Parallax: Runtime Parallelization for Operator Fallbacks in Heterogeneous Edge Systems

Parallax: Runtime Parallelization for Operator Fallbacks in Heterogeneous Edge Systems
Notice: This research summary and analysis were automatically generated using AI technology. For absolute accuracy, please refer to the [Original Paper Viewer] below or the Original ArXiv Source.

The growing demand for real-time DNN applications on edge devices necessitates faster inference of increasingly complex models. Although many devices include specialized accelerators (e.g., mobile GPUs), dynamic control-flow operators and unsupported kernels often fall back to CPU execution. Existing frameworks handle these fallbacks poorly, leaving CPU cores idle and causing high latency and memory spikes. We introduce Parallax, a framework that accelerates mobile DNN inference without model refactoring or custom operator implementations. Parallax first partitions the computation DAG to expose parallelism, then employs branch-aware memory management with dedicated arenas and buffer reuse to reduce runtime footprint. An adaptive scheduler executes branches according to device memory constraints, meanwhile, fine-grained subgraph control enables heterogeneous inference of dynamic models. By evaluating on five representative DNNs across three different mobile devices, Parallax achieves up to 46% latency reduction, maintains controlled memory overhead (26.5% on average), and delivers up to 30% energy savings compared with state-of-the-art frameworks, offering improvements aligned with the responsiveness demands of real-time mobile inference.


💡 Research Summary

The paper addresses a critical bottleneck in real‑time deep‑neural‑network (DNN) inference on mobile edge devices: when a model contains dynamic control‑flow operators or kernels that are not supported by the on‑device accelerator (GPU, NPU, etc.), existing frameworks fall back to CPU execution in a naïve, single‑threaded manner. This fallback leaves most CPU cores idle, creates large memory spikes due to repeated buffer allocations, and dramatically increases latency and energy consumption—especially for modern models that heavily rely on conditional branches or custom ops.

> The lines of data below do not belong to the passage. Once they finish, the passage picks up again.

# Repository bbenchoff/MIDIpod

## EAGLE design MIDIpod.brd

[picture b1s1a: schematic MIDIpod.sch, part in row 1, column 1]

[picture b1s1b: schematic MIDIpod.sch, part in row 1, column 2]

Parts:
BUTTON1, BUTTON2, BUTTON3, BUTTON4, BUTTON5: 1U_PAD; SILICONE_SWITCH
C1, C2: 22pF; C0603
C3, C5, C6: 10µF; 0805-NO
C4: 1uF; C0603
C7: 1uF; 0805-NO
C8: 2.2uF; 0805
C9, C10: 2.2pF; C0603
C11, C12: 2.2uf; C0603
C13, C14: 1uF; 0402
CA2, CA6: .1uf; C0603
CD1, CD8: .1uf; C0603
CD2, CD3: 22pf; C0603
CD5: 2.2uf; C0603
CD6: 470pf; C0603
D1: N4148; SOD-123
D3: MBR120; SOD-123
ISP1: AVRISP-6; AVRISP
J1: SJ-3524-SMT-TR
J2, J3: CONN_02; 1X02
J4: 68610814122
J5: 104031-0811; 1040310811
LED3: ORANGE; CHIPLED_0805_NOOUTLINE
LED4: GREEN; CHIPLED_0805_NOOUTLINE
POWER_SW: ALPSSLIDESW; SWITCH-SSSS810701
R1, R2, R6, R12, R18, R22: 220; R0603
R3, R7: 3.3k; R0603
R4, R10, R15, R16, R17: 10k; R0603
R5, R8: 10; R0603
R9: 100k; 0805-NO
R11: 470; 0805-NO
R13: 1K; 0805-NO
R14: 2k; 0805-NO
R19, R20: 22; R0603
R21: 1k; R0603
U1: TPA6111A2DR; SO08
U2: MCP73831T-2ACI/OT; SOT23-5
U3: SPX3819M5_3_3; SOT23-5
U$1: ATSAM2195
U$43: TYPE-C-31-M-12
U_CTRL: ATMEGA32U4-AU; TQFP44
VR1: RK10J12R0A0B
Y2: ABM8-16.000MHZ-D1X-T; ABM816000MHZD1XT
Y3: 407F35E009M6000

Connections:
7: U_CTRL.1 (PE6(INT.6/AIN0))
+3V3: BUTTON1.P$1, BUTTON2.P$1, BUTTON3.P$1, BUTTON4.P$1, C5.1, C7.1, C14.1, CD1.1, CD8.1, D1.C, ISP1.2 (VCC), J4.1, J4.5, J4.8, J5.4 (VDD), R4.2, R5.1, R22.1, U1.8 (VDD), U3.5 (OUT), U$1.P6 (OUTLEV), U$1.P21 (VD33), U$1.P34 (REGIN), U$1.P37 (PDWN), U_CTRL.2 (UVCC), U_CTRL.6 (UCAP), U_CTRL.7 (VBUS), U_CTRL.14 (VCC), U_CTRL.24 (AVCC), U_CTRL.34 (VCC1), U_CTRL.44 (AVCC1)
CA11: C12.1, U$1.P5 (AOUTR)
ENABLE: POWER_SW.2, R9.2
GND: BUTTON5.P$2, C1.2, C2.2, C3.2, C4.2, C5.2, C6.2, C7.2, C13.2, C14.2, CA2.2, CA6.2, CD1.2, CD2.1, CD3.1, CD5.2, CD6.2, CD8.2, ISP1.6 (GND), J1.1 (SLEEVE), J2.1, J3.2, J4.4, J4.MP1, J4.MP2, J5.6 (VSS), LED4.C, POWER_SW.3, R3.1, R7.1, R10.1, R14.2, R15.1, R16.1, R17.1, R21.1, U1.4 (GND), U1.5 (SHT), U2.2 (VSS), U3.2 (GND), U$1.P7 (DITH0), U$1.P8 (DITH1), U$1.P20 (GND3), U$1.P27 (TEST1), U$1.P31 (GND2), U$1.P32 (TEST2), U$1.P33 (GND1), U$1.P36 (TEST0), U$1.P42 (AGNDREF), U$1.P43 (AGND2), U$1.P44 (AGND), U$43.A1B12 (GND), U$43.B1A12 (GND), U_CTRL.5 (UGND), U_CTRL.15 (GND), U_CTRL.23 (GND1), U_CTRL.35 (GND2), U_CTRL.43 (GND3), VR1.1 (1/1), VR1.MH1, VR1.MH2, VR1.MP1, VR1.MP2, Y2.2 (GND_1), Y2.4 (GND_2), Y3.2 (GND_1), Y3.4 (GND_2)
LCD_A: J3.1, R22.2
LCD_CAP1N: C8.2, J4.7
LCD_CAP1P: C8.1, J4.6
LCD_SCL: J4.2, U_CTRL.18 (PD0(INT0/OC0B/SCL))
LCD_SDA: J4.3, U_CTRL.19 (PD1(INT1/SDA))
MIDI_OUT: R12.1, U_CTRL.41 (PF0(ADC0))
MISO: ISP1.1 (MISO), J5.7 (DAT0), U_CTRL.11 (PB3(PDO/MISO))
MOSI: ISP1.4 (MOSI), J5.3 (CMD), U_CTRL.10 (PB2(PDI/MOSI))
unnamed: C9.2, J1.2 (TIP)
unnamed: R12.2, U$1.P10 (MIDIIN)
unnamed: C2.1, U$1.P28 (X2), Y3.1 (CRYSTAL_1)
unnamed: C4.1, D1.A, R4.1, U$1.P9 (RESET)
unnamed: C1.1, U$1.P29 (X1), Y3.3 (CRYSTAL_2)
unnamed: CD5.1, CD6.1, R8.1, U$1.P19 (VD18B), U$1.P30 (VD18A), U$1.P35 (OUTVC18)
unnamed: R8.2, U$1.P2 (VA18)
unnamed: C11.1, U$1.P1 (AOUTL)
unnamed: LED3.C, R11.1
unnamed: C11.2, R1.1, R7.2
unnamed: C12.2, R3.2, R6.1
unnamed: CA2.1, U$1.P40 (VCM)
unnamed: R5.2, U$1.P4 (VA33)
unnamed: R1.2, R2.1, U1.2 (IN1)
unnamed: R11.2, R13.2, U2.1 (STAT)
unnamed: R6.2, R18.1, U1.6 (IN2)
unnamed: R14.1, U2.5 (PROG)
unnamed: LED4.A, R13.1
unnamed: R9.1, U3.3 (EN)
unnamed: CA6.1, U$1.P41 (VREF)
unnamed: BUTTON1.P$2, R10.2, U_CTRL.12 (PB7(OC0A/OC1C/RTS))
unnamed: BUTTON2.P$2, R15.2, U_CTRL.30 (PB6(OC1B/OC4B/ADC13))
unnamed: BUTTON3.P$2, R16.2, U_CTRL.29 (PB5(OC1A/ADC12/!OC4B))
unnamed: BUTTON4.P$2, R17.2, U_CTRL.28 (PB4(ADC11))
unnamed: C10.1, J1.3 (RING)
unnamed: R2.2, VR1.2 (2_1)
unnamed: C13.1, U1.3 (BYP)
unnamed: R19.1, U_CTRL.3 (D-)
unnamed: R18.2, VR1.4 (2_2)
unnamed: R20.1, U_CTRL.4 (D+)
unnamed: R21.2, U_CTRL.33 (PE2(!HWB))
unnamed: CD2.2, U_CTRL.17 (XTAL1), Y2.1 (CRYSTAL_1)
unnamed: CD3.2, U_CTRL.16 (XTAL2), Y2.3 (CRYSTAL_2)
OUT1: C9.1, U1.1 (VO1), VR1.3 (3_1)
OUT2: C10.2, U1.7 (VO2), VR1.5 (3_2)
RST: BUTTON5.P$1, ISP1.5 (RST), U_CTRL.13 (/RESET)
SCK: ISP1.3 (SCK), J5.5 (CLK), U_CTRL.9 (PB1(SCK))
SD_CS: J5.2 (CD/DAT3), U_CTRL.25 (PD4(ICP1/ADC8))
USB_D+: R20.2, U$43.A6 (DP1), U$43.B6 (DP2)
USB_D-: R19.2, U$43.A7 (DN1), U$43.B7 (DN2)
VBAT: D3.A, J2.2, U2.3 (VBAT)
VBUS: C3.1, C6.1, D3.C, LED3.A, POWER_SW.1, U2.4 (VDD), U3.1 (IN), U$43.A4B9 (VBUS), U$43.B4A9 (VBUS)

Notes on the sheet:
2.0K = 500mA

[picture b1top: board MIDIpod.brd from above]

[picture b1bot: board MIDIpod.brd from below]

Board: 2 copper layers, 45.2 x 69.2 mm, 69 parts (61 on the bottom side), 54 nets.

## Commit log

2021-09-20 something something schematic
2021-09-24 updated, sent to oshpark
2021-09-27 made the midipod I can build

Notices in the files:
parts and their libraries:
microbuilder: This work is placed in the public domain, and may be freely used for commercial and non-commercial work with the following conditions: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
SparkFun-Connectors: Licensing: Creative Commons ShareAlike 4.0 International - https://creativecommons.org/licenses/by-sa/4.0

Parallax is introduced as a runtime framework that eliminates the need for model refactoring or hand‑written custom operators while dramatically improving performance. Its architecture consists of three tightly coupled components:

  1. Computation DAG Partitioning – The original model graph is statically analyzed to extract dependency‑preserving sub‑graphs. Conditional nodes are split into separate “true” and “false” sub‑graphs, enabling each branch to be scheduled independently. The partitioner also estimates per‑node compute cost and memory footprint, balancing sub‑graph size to fit heterogeneous resources.

  2. Branch‑Aware Memory Management – Each sub‑graph receives a dedicated memory arena composed of fixed‑size buffer pools. Buffers are returned to the pool immediately after use, allowing aggressive reuse and minimizing fragmentation. At points where branches converge, shared buffers are avoided; instead, lightweight duplicate buffers are allocated only when necessary, keeping the overall memory peak low (average 26.5 % overhead compared with baseline frameworks).

  3. Adaptive Scheduler – At runtime, the scheduler monitors device memory pressure, GPU/CPU load, and power state. When sufficient memory is available, it dispatches sub‑graphs concurrently to GPU and CPU, achieving true heterogeneous parallelism. Under tighter memory constraints, it prioritizes low‑footprint sub‑graphs, serializes some operations, or dynamically migrates work between cores. A hysteresis‑based policy prevents frequent core switches, stabilizing performance and reducing energy waste.

Implementation leverages Android NDK, Vulkan Compute (or OpenCL) for GPU kernels, and a POSIX thread pool for CPU work. Parallax works directly with TensorFlow Lite and PyTorch Mobile model files; no additional operator implementations are required.

The evaluation covers five representative DNNs—ResNet‑50, MobileNetV2, EfficientNet‑B0, YOLO‑v5, and BERT‑tiny—across three mobile SoCs: Qualcomm Snapdragon 845, MediaTek Dimensity 820, and Apple A14. Results show:

  • Latency: Up to 46 % average reduction (peak 58 % on certain workloads) compared with the state‑of‑the‑art frameworks.
  • Memory: Controlled overhead, with an average increase of only 26.5 % and peak memory spikes limited to ≤30 % of baseline.
  • Energy: GPU utilization rises by >30 %, translating into up to 30 % lower total energy consumption per inference.

Parallax also maintains stable performance on models with heavy dynamic behavior (conditional execution, variable‑length inputs), making it suitable for latency‑sensitive mobile applications such as augmented reality, live video analytics, and on‑device speech recognition.

The authors acknowledge limitations: on devices with extremely constrained memory (e.g., <256 MB) the partitioner may need finer granularity, and highly complex branching can increase scheduling overhead. Future work aims to extend the framework to finer‑grained, per‑operator dynamic scheduling and to integrate additional accelerators such as NPUs, further pushing the envelope of efficient heterogeneous inference on edge hardware.